Convergent or divergent $\sum\limits_{n=0}^{\infty }{\frac{1\cdot 3\cdot 5...(2n-1)}{2\cdot 4\cdot 6...(2n+2)}}$

Question

\begin{align} & \sum\limits_{n=0}^{\infty }{\frac{1\cdot 3\cdot 5...(2n-1)}{2\cdot 4\cdot 6...(2n+2)}} \ & \text{ordering} \ & a_{n}=\frac{1\cdot 3\cdot 5...(2n-1)}{2\cdot 4\cdot 6...(2n+2)}=\frac{1\cdot 3\cdot 5...(2n-3)(2n-1)\cdot 1}{2\cdot 4\cdot 6...(2n-2)(2n)(2n+2)}= \ & \underbrace{\left( 1-\frac{1}{2} \right)\left( 1-\frac{1}{4} \right)...\left( 1-\frac{1}{2n} \right)}{n\text{ times}}\frac{1}{(2n+2)} \ & \text{clearly} \ & \left( 1-\frac{1}{2} \right)^{n}\frac{1}{(2n+2)}\le a{n}\le \left( 1-\frac{1}{2n} \right)^{n}\frac{1}{(2n+2)} \ & \text{Root test} \ & \sqrt[n]{\left( 1-\frac{1}{2} \right)^{n}}\frac{1}{\sqrt[n]{(2n+2)}}\le \sqrt[n]{a_{n}}\le \sqrt[n]{\left( 1-\frac{1}{2n} \right)^{n}}\frac{1}{\sqrt[n]{(2n+2)}} \ & n\to \infty \ & \frac{1}{2}\le \underset{n\to \infty }{\mathop{\lim }},\sqrt[n]{a_{n}}\le 1 \ & \text{nothing :(} \ & \text{Ratio test} \ & \frac{a_{n}}{a_{n-1}}=\frac{1\cdot 3\cdot 5...(2n-3)(2n-1)}{2\cdot 4\cdot 6...(2n)(2n+2)}\centerdot \frac{2\cdot 4\cdot 6...(2(n-1)+2)}{1\cdot 3\cdot 5...(2(n-1)-1)}=\frac{2n-1}{2n+2} \ & \underset{n\to \infty }{\mathop{\lim }},\frac{a_{n}}{a_{n-1}}=1 \ & \text{nothing again} \ \end{align}

Any suggestions?

Answer 1

An explicit computation is even better.
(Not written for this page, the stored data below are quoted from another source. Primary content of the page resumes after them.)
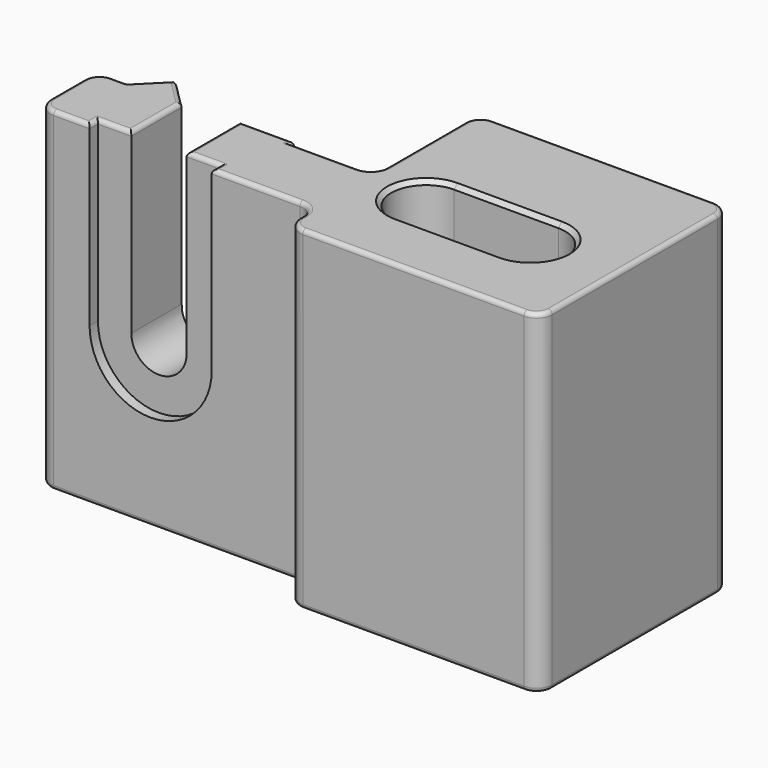
from build123d import *

# Parameters (mm, degrees)
F1_DEPTH      = 32
F2_R          = 0.4
F3_R          = 1.5
F5_DEPTH      = 19.401
F6_DEPTH      = 1
F7_T1_DEPTH   = 1.2843145751
F7_T3_DEPTH   = 4.0870057685
F7_T5_DEPTH   = 4.0870057685
F7_T7_DEPTH   = 8.0359281116
F7_T9_DEPTH   = 4.2
F7_T11_DEPTH  = 2
F7_T13_DEPTH  = 4.45
F7_T15_DEPTH  = 4
F7_T17_DEPTH  = 6.5
F7_T19_DEPTH  = 1.4
F7_T21_DEPTH  = 9.4
F7_T23_DEPTH  = 7.15
F7_T25_DEPTH  = 21.2
F7_T27_DEPTH  = 5.1343145751
F7_T29_DEPTH  = 19.8
F7_T31_DEPTH  = 0.4
F7_T33_DEPTH  = 23.6
F7_T35_DEPTH  = 8.4
F7_T37_DEPTH  = 9.45
F7_T39_DEPTH  = 4.2
F7_T42_ANGLE  = 90
F7_T44_ANGLE  = 90
F7_T46_ANGLE  = 90
F7_T48_ANGLE  = 90
F7_T50_ANGLE  = 90
F7_T52_ANGLE  = 45
F7_T54_ANGLE  = 90
F7_T56_ANGLE  = 90
F7_T58_ANGLE  = 45
F7_T60_ANGLE  = 90
F7_T62_ANGLE  = 90
F7_T64_ANGLE  = 90
F7_T66_ANGLE  = 90
F7_T68_ANGLE  = 90
F7_T70_ANGLE  = 90
F7_T72_ANGLE  = 163.7726416214
F7_T74_ANGLE  = 90
F7_T76_ANGLE  = 90
F7_T78_ANGLE  = 45
F7_T80_ANGLE  = 90
F7_T85_DEPTH  = 5.2
F7_T89_DEPTH  = 3
F7_T96_DEPTH  = 7.5
F7_T100_DEPTH = 2.4
F7_T107_DEPTH = 2.4
F7_T111_DEPTH = 6.1343145751
F7_T118_DEPTH = 7.5
F7_T122_DEPTH = 2.4
F7_T129_DEPTH = 3
F7_T133_DEPTH = 5.2
F10_SIZE      = 0.4
F11_SIZE      = 0.4


# Not quite as in the source:
# - a fillet or chamfer that OpenCascade refuses, or shapes differently, is made with other operations: its cross-section is extruded or revolved along the edge and cut away or added
# - two fillets or chamfers of one size are made in one step


with BuildPart() as f1:
    # F0 (on Top) → F1 (new body)
    with BuildSketch(Plane.XY):
        Polygon((-7.85, 0), (-10.8, 0), (-10.8, -7), (15.8, -7), (15.8, -10.4), (40, -10.4), (40, 12.4), (15.8, 12.4), (15.8, 0), (7.8, 0), (7.8, 0.4), (2.65, 0.4), (2.65, 0), (-2.65, 0), (-4.95, 2.3), (-5.55, 2.3), align=None)
        with BuildLine():
            ThreePointArc((21.6, -4.35), (18.25, -1), (21.6, 2.35))
            Line((21.6, 2.35), (31.6, 2.35))
            ThreePointArc((31.6, 2.35), (34.95, -1), (31.6, -4.35))
            Line((31.6, -4.35), (21.6, -4.35))
        make_face(mode=Mode.SUBTRACT)
    extrude(amount=F1_DEPTH)

    # F2
    f2_edges = [f1.edges().sort_by_distance(p)[0] for p in [
        (-7.85, 0, 16),
        (-2.65, 0, 16),
    ]]
    fillet(f2_edges, radius=F2_R)

    # F3
    f3_edges = [f1.edges().sort_by_distance(p)[0] for p in [
        (-10.8, 0, 16),
        (-10.8, -7, 16),
        (15.8, 12.4, 16),
        (40, 12.4, 16),
        (15.8, -10.4, 16),
        (40, -10.4, 16),
        (15.8, -7, 16),
        (15.8, 0, 16),
    ]]
    fillet(f3_edges, radius=F3_R)

    # F4 (on face) → F5 (cut, through all)
    with BuildSketch(Plane.XZ.offset(7)):
        with BuildLine():
            Line((2.65, 15), (2.65, 32))
            Line((2.65, 32), (-2.65, 32))
            Line((-2.65, 32), (-2.65, 15))
            ThreePointArc((-2.65, 15), (0, 12.35), (2.65, 15))
        make_face()
    extrude(amount=-F5_DEPTH, mode=Mode.SUBTRACT)

    # F4 (on face) → F6 (cut)
    with BuildSketch(Plane.XZ.offset(7)):
        with BuildLine():
            Line((5.85, 32), (2.65, 32))
            Line((2.65, 32), (2.65, 15))
            ThreePointArc((2.65, 15), (0, 12.35), (-2.65, 15))
            Line((-2.65, 15), (-2.65, 32))
            Line((-2.65, 32), (-5.85, 32))
            Line((-5.85, 32), (-5.85, 15))
            ThreePointArc((-5.85, 15), (0, 9.15), (5.85, 15))
            Line((5.85, 15), (5.85, 32))
        make_face()
    extrude(amount=-F6_DEPTH, mode=Mode.SUBTRACT)

    # F7: fillet of radius 0.4 on 55 edges, made by hand

    # F7_s2 → F7_t1 (cut)
    with BuildSketch(Plane.YZ.offset(-9.3)):
        with BuildLine():
            ThreePointArc((0, 31.6), (-0.1171572875, 31.8828427125), (-0.4, 32))
            Line((-0.4, 32), (0, 32))
            Line((0, 32), (0, 31.6))
        make_face()
        with BuildLine():
            ThreePointArc((-0.4, 0), (-0.1171572875, 0.1171572875), (0, 0.4))
            Line((0, 0.4), (0, 0))
            Line((0, 0), (-0.4, 0))
        make_face()
    extrude(amount=F7_T1_DEPTH, mode=Mode.SUBTRACT)

    # F7_s4 → F7_t3 (cut)
    with BuildSketch(Plane(origin=(-0.9178932188, -0.9178932188, 0), x_dir=(0, 0, 1), z_dir=(-0.7071067812, -0.7071067812, 0))):
        with BuildLine():
            ThreePointArc((31.6, 5.5507882323), (31.8828427125, 5.4336309448), (32, 5.1507882323))
            Line((32, 5.1507882323), (32, 5.5507882323))
            Line((32, 5.5507882323), (31.6, 5.5507882323))
        make_face()
        with BuildLine():
            ThreePointArc((0, 5.1507882323), (0.1171572875, 5.4336309448), (0.4, 5.5507882323))
            Line((0.4, 5.5507882323), (0, 5.5507882323))
            Line((0, 5.5507882323), (0, 5.1507882323))
        make_face()
    extrude(amount=F7_T3_DEPTH, mode=Mode.SUBTRACT)

    # F7_s6 → F7_t5 (cut)
    with BuildSketch(Plane(origin=(-1.4421572875, 1.4421572875, 0), x_dir=(0, 0, 1), z_dir=(-0.7071067812, 0.7071067812, 0))):
        with BuildLine():
            ThreePointArc((31.6, -1.8738329701), (31.8828427125, -1.9909902577), (32, -2.2738329701))
            Line((32, -2.2738329701), (32, -1.8738329701))
            Line((32, -1.8738329701), (31.6, -1.8738329701))
        make_face()
        with BuildLine():
            ThreePointArc((0, -2.2738329701), (0.1171572875, -1.9909902577), (0.4, -1.8738329701))
            Line((0.4, -1.8738329701), (0, -1.8738329701))
            Line((0, -1.8738329701), (0, -2.2738329701))
        make_face()
    extrude(amount=F7_T5_DEPTH, mode=Mode.SUBTRACT)

    # F7_s8 → F7_t7 (cut)
    with BuildSketch(Plane.XZ.offset(-1.0359281116)):
        with BuildLine():
            ThreePointArc((-2.65, 31.6), (-2.7671572875, 31.8828427125), (-3.05, 32))
            Line((-3.05, 32), (-2.65, 32))
            Line((-2.65, 32), (-2.65, 31.6))
        make_face()
    extrude(amount=F7_T7_DEPTH, mode=Mode.SUBTRACT)

    # F7_s10 → F7_t9 (cut)
    with BuildSketch(Plane.YZ.offset(-5.85)):
        with BuildLine():
            ThreePointArc((-6, 31.6), (-5.8828427125, 31.8828427125), (-5.6, 32))
            Line((-5.6, 32), (-6, 32))
            Line((-6, 32), (-6, 31.6))
        make_face()
    extrude(amount=F7_T9_DEPTH, mode=Mode.SUBTRACT)

    # F7_s12 → F7_t11 (cut)
    with BuildSketch(Plane.XZ.offset(6)):
        with BuildLine():
            ThreePointArc((-6.25, 32), (-5.9671572875, 31.8828427125), (-5.85, 31.6))
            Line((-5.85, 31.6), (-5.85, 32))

We have: $$\frac{(2n-1)!!}{(2n+2)!!}=\frac{1}{(2n+2)\,4^n}\binom{2n}{n}=\frac{1}{4^n}\binom{2n}{n}-\frac{1}{4^{n+1}}\binom{2n+2}{n+1}$$ hence your series is telescopic and we have: $$\sum_{n=1}^{N}\frac{(2n-1)!!}{(2n+2)!!}=\frac{1}{2}-\frac{1}{4^{N+1}}\binom{2N+2}{N+1}=\frac{1}{2}+O\left(\frac{1}{\sqrt{N}}\right).$$

In order to prove the last asymptotics, notice that: $$\frac{1}{4^n}\binom{2N}{N}=\frac{2}{\pi}\int_{0}^{\pi/2}\cos(x)^{2N}dx\leq\frac{2}{\pi}\int_{0}^{\pi/2}e^{-Nx^2}\,dx\leq\frac{1}{\sqrt{\pi N}}.$$

Answer 2

You may write $$ \begin{align} \frac{1\cdot 3\cdot 5 \cdots(2n-1)}{2\cdot 4\cdot 6\cdots(2n+2)} &=\frac{1\cdot 2\cdot 3\cdot 4 \cdot 5\cdot6\cdots(2n-1)\cdot 2n}{(2\cdot 4\cdot 6\cdots (2n))^2(2n+2)}\\ &=\frac{(2n)!}{(2^{n} \cdot 1\cdot 2\cdot 3 \cdot 4 \cdots n)^2 \cdot (2n+2)}\\ & =\frac{(2n)!}{2^{2n} (n!)^2 \cdot (2n+2)}\\ & \sim \frac{1}{\sqrt{\pi n}\cdot (2n+2)}\\ & \sim \frac{1}{2\sqrt{\pi}\cdot n^{\Large\frac 32}}, \quad \text{for} \, n \, \text{great} \end{align} $$ where we have use Stirling's approximation, then you easily conclude to the convergence of the series.